Fahrtkosten für den Besuch des Kindes sind keine außergewöhnlichen Belastungen

Im gegenständlichen Fall machte ein Steuerpflichtiger die Fahrtkosten für die Abholung seines Kindes, welches bei der Mutter im Ausland lebt, als außergewöhnliche Belastung geltend. Das Finanzamt Österreich anerkannte diese Kosten nicht als außergewöhnliche Belastung.

Eine Steuerermäßigung und Qualifikation von Kosten als außergewöhnliche Belastung kommt nur dann in Betracht, wenn sämtliche Voraussetzungen des § 34 Abs 1 EStG 1988 vorliegen.
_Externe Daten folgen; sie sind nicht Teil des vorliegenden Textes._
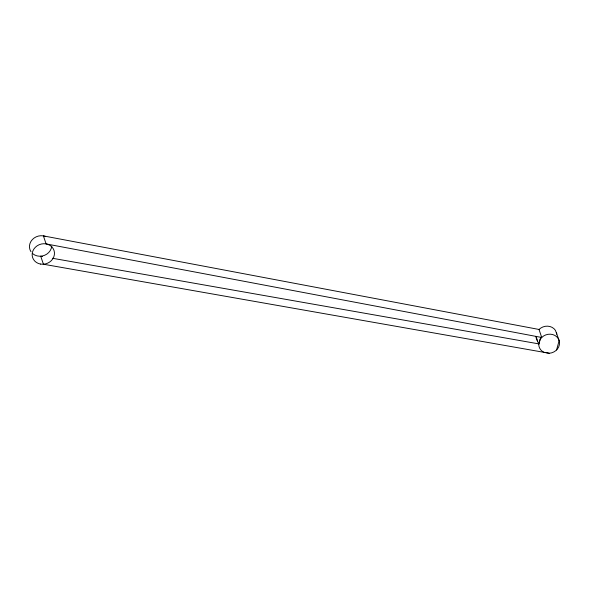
<?xml version="1.0" encoding="UTF-8"?>
<svg xmlns="http://www.w3.org/2000/svg" width="589" height="589" viewBox="0 0 589 589"><rect width="100%" height="100%" fill="white"/><g stroke="black" fill="none" stroke-linecap="round" stroke-linejoin="round"><path stroke-width="0.88" d="M540.687 337.283L538.751 344.432A10.506 9.446 -18.6 0 0 544.037 352.332L549.25 353.26A10.506 9.446 -18.6 0 0 559.167 340.582L555.412 330.333A10.506 9.446 -18.6 0 0 539.031 329.465L43.402 235.894L46.097 243.912L541.725 337.482A10.506 9.446 -18.6 0 1 558.107 338.351L559.167 340.582M556.576 349.976L559.16 340.552M42.533 256.524L40.722 256.208L43.417 264.225L549.25 353.26M52.487 258.276L538.685 343.858M539.031 329.465L541.725 337.482L540.091 339.566L538.751 344.432L536.049 336.407A10.506 9.446 -18.6 0 0 537.492 341.083M51.744 246.114A11.272 10.138 -18.6 0 1 44.536 255.332A11.272 10.138 -18.6 0 1 32.793 253.741M30.996 251.746A11.272 10.138 -18.6 0 1 32.395 239.524A11.272 10.138 -18.6 0 1 45.456 236.461M556.472 332.564A10.506 9.446 -18.6 0 1 556.804 334.184M40.523 264.071A11.272 10.138 -18.6 0 0 54.07 250.612A11.272 10.138 -18.6 0 0 35.34 247.284A11.272 10.138 -18.6 0 0 40.523 264.071"/></g></svg>
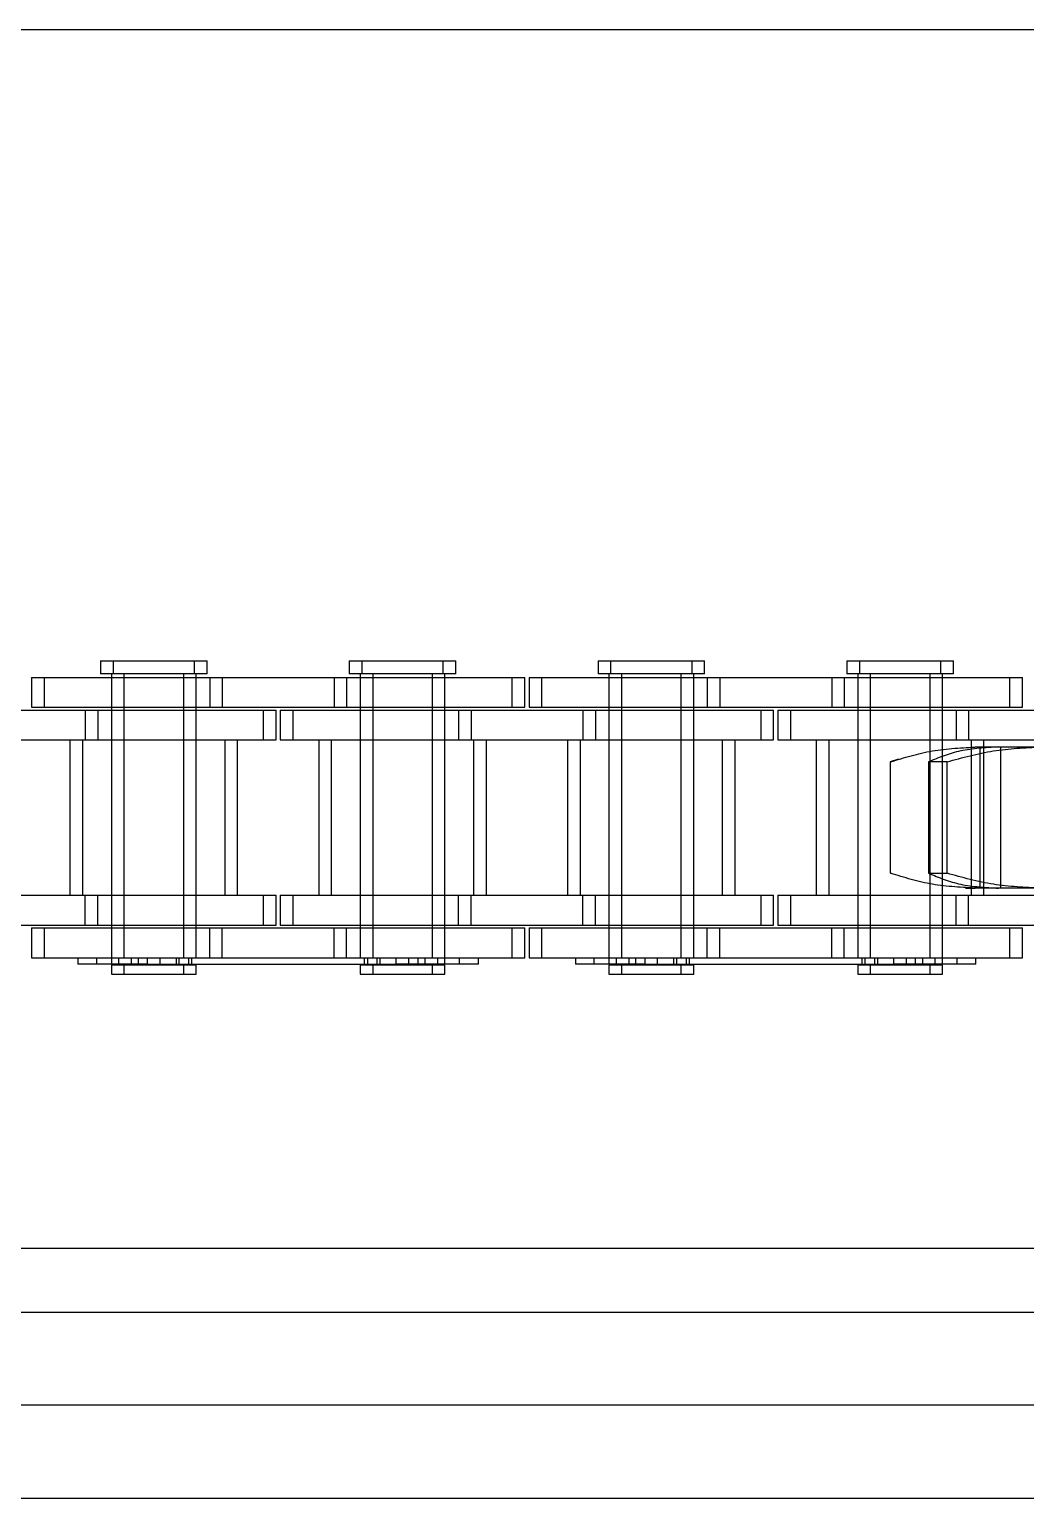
# Model space of a CAD drawing. Header units: metres. Extents: x 0 to 21025, y 0 to 14850.
# Drawn here: x 3902.5 to 3953.4, y 9046.6 to 9121.6 of the extents above; entities that cross this region are included whole.
import ezdxf

# ---------------------------------------------------------------- set-up
doc = ezdxf.new("R2010")
doc.units = ezdxf.units.M
doc.header["$LTSCALE"] = 25
doc.linetypes.add('HIDDEN2', pattern=[4.7625, 3.175, -1.5875])
doc.layers.add('SL4', color=4, linetype='Continuous')
doc.layers.add('ST1', color=7, linetype='HIDDEN2')

msp = doc.modelspace()

# ---------------------------------------------------------------- linework, layer by layer
at = {"layer": 'SL4'}
for p, q in [((2880.564, 9121.619), (4205.539, 9121.619)), ((2880.564, 9056.144), (4205.539, 9056.144)), ((4205.539, 9046.619), (2880.564, 9046.619))]:
    msp.add_line(p, q, dxfattribs=at)
at = {"layer": 'ST1'}
for p, q in [((3906.131, 9089.384), (3910.928, 9089.384)), ((3906.131, 9089.384), (3906.131, 9088.725)), ((3906.77, 9089.384), (3906.77, 9088.725)), ((3910.928, 9089.384), (3911.567, 9089.384)), ((3910.928, 9088.725), (3910.928, 9089.384)), ((3911.567, 9088.725), (3911.567, 9089.384)), ((3918.831, 9089.384), (3923.628, 9089.384)), ((3918.831, 9089.384), (3918.831, 9088.725)), ((3919.47, 9089.384), (3919.47, 9088.725)), ((3923.628, 9089.384), (3924.267, 9089.384)), ((3923.628, 9088.725), (3923.628, 9089.384)), ((3924.267, 9088.725), (3924.267, 9089.384)), ((3931.531, 9089.384), (3936.328, 9089.384)), ((3931.531, 9089.384), (3931.531, 9088.725)), ((3932.17, 9089.384), (3932.17, 9088.725)), ((3936.328, 9089.384), (3936.967, 9089.384)), ((3936.328, 9088.725), (3936.328, 9089.384)), ((3936.967, 9088.725), (3936.967, 9089.384)), ((3944.231, 9089.384), (3949.028, 9089.384)), ((3944.231, 9089.384), (3944.231, 9088.725)), ((3944.87, 9089.384), (3944.87, 9088.725)), ((3949.028, 9089.384), (3949.667, 9089.384)), ((3949.028, 9088.725), (3949.028, 9089.384)), ((3949.667, 9088.725), (3949.667, 9089.384)), ((3902.61, 9088.541), (3911.705, 9088.541)), ((3902.61, 9088.541), (3902.61, 9087.021)), ((3903.249, 9088.541), (3903.249, 9087.021)), ((3910.928, 9088.725), (3906.131, 9088.725)), ((3906.685, 9088.725), (3906.685, 9074.227)), ((3906.685, 9088.541), (3906.685, 9087.021)), ((3907.324, 9088.725), (3907.324, 9074.227)), ((3907.324, 9088.541), (3907.324, 9087.021)), ((3910.375, 9074.227), (3910.375, 9088.725)), ((3910.375, 9087.021), (3910.375, 9088.541)), ((3911.567, 9088.725), (3910.928, 9088.725)), ((3911.014, 9074.227), (3911.014, 9088.725)), ((3911.014, 9087.021), (3911.014, 9088.541)), ((3911.705, 9088.541), (3911.705, 9087.021)), ((3911.705, 9088.541), (3918.055, 9088.541)), ((3912.344, 9088.541), (3912.344, 9087.021)), ((3918.055, 9088.541), (3918.055, 9087.021)), ((3918.055, 9088.541), (3927.15, 9088.541)), ((3918.694, 9088.541), (3918.694, 9087.021)), ((3923.628, 9088.725), (3918.831, 9088.725)), ((3919.384, 9088.725), (3919.384, 9074.227)), ((3919.384, 9088.541), (3919.384, 9087.021)), ((3920.024, 9088.725), (3920.024, 9074.227)), ((3920.024, 9088.541), (3920.024, 9087.021)), ((3923.074, 9074.227), (3923.074, 9088.725)), ((3923.074, 9087.021), (3923.074, 9088.541)), ((3924.267, 9088.725), (3923.628, 9088.725)), ((3923.714, 9074.227), (3923.714, 9088.725)), ((3923.714, 9087.021), (3923.714, 9088.541)), ((3927.15, 9088.541), (3927.789, 9088.541)), ((3927.15, 9087.021), (3927.15, 9088.541)), ((3927.789, 9087.021), (3927.789, 9088.541)), ((3928.009, 9088.541), (3937.104, 9088.541)), ((3928.009, 9088.541), (3928.009, 9087.021)), ((3928.649, 9088.541), (3928.649, 9087.021)), ((3936.328, 9088.725), (3931.531, 9088.725)), ((3932.084, 9088.725), (3932.084, 9074.227)), ((3932.084, 9088.541), (3932.084, 9087.021)), ((3932.724, 9088.725), (3932.724, 9074.227)), ((3932.724, 9088.541), (3932.724, 9087.021)), ((3935.774, 9074.227), (3935.774, 9088.725)), ((3935.774, 9087.021), (3935.774, 9088.541)), ((3936.967, 9088.725), (3936.328, 9088.725)), ((3936.414, 9074.227), (3936.414, 9088.725)), ((3936.414, 9087.021), (3936.414, 9088.541)), ((3937.104, 9088.541), (3937.104, 9087.021)), ((3937.104, 9088.541), (3943.454, 9088.541)), ((3937.744, 9088.541), (3937.744, 9087.021)), ((3943.454, 9088.541), (3943.454, 9087.021)), ((3943.454, 9088.541), (3952.549, 9088.541)), ((3944.094, 9088.541), (3944.094, 9087.021)), ((3949.028, 9088.725), (3944.231, 9088.725)), ((3944.784, 9088.725), (3944.784, 9074.227)), ((3944.784, 9088.541), (3944.784, 9087.021)), ((3945.424, 9088.725), (3945.424, 9074.227)), ((3945.424, 9088.541), (3945.424, 9087.021)), ((3948.474, 9074.227), (3948.474, 9088.725)), ((3948.474, 9087.021), (3948.474, 9088.541)), ((3949.667, 9088.725), (3949.028, 9088.725)), ((3949.114, 9074.227), (3949.114, 9088.725)), ((3949.114, 9087.021), (3949.114, 9088.541)), ((3952.549, 9088.541), (3953.189, 9088.541)), ((3952.549, 9087.021), (3952.549, 9088.541)), ((3953.189, 9087.021), (3953.189, 9088.541)), ((3902.61, 9087.021), (3911.705, 9087.021)), ((3911.705, 9087.021), (3918.055, 9087.021)), ((3918.055, 9087.021), (3927.15, 9087.021)), ((3927.15, 9087.021), (3927.789, 9087.021)), ((3928.009, 9087.021), (3937.104, 9087.021)), ((3937.104, 9087.021), (3943.454, 9087.021)), ((3943.454, 9087.021), (3952.549, 9087.021)), ((3952.549, 9087.021), (3953.189, 9087.021)), ((3899.005, 9086.869), (3905.355, 9086.869)), ((3905.355, 9086.869), (3905.355, 9085.349)), ((3905.355, 9086.869), (3914.45, 9086.869)), ((3905.994, 9086.869), (3905.994, 9085.349)), ((3906.685, 9086.869), (3906.685, 9085.349)), ((3907.324, 9086.869), (3907.324, 9085.349)), ((3910.375, 9085.349), (3910.375, 9086.869)), ((3911.014, 9085.349), (3911.014, 9086.869)), ((3914.45, 9086.869), (3915.089, 9086.869)), ((3914.45, 9085.349), (3914.45, 9086.869)), ((3915.089, 9085.349), (3915.089, 9086.869)), ((3915.309, 9086.869), (3924.404, 9086.869)), ((3915.309, 9086.869), (3915.309, 9085.349)), ((3915.949, 9086.869), (3915.949, 9085.349)), ((3919.384, 9086.869), (3919.384, 9085.349)), ((3920.024, 9086.869), (3920.024, 9085.349)), ((3923.074, 9085.349), (3923.074, 9086.869)), ((3923.714, 9085.349), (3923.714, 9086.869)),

Wenn auch nur eine der Voraussetzungen nicht vorliegt, sind die betreffenden Kosten nicht als außergewöhnliche Belastung zu qualifizieren.

 

Im gegenständlichen Fall fehlt es den geltend gemachten Fahrtkosten schon an der Außergewöhnlichkeit gemäß § 34 Abs 2 EStG 1988. Es ist nämlich nicht als außergewöhnlich anzusehen, dass ein Elternteil aufgrund des Fehlens einer ehelichen bzw. eheähnlichen Lebensgemeinschaft von seinem Kind getrennt lebt.

 

Die aufgrund der Trennung der Eltern entstehenden Kosten für den Besuch der Kinder sind demzufolge regelmäßig nicht als außergewöhnlich anzusehen und stellen keine außergewöhnliche Belastung dar.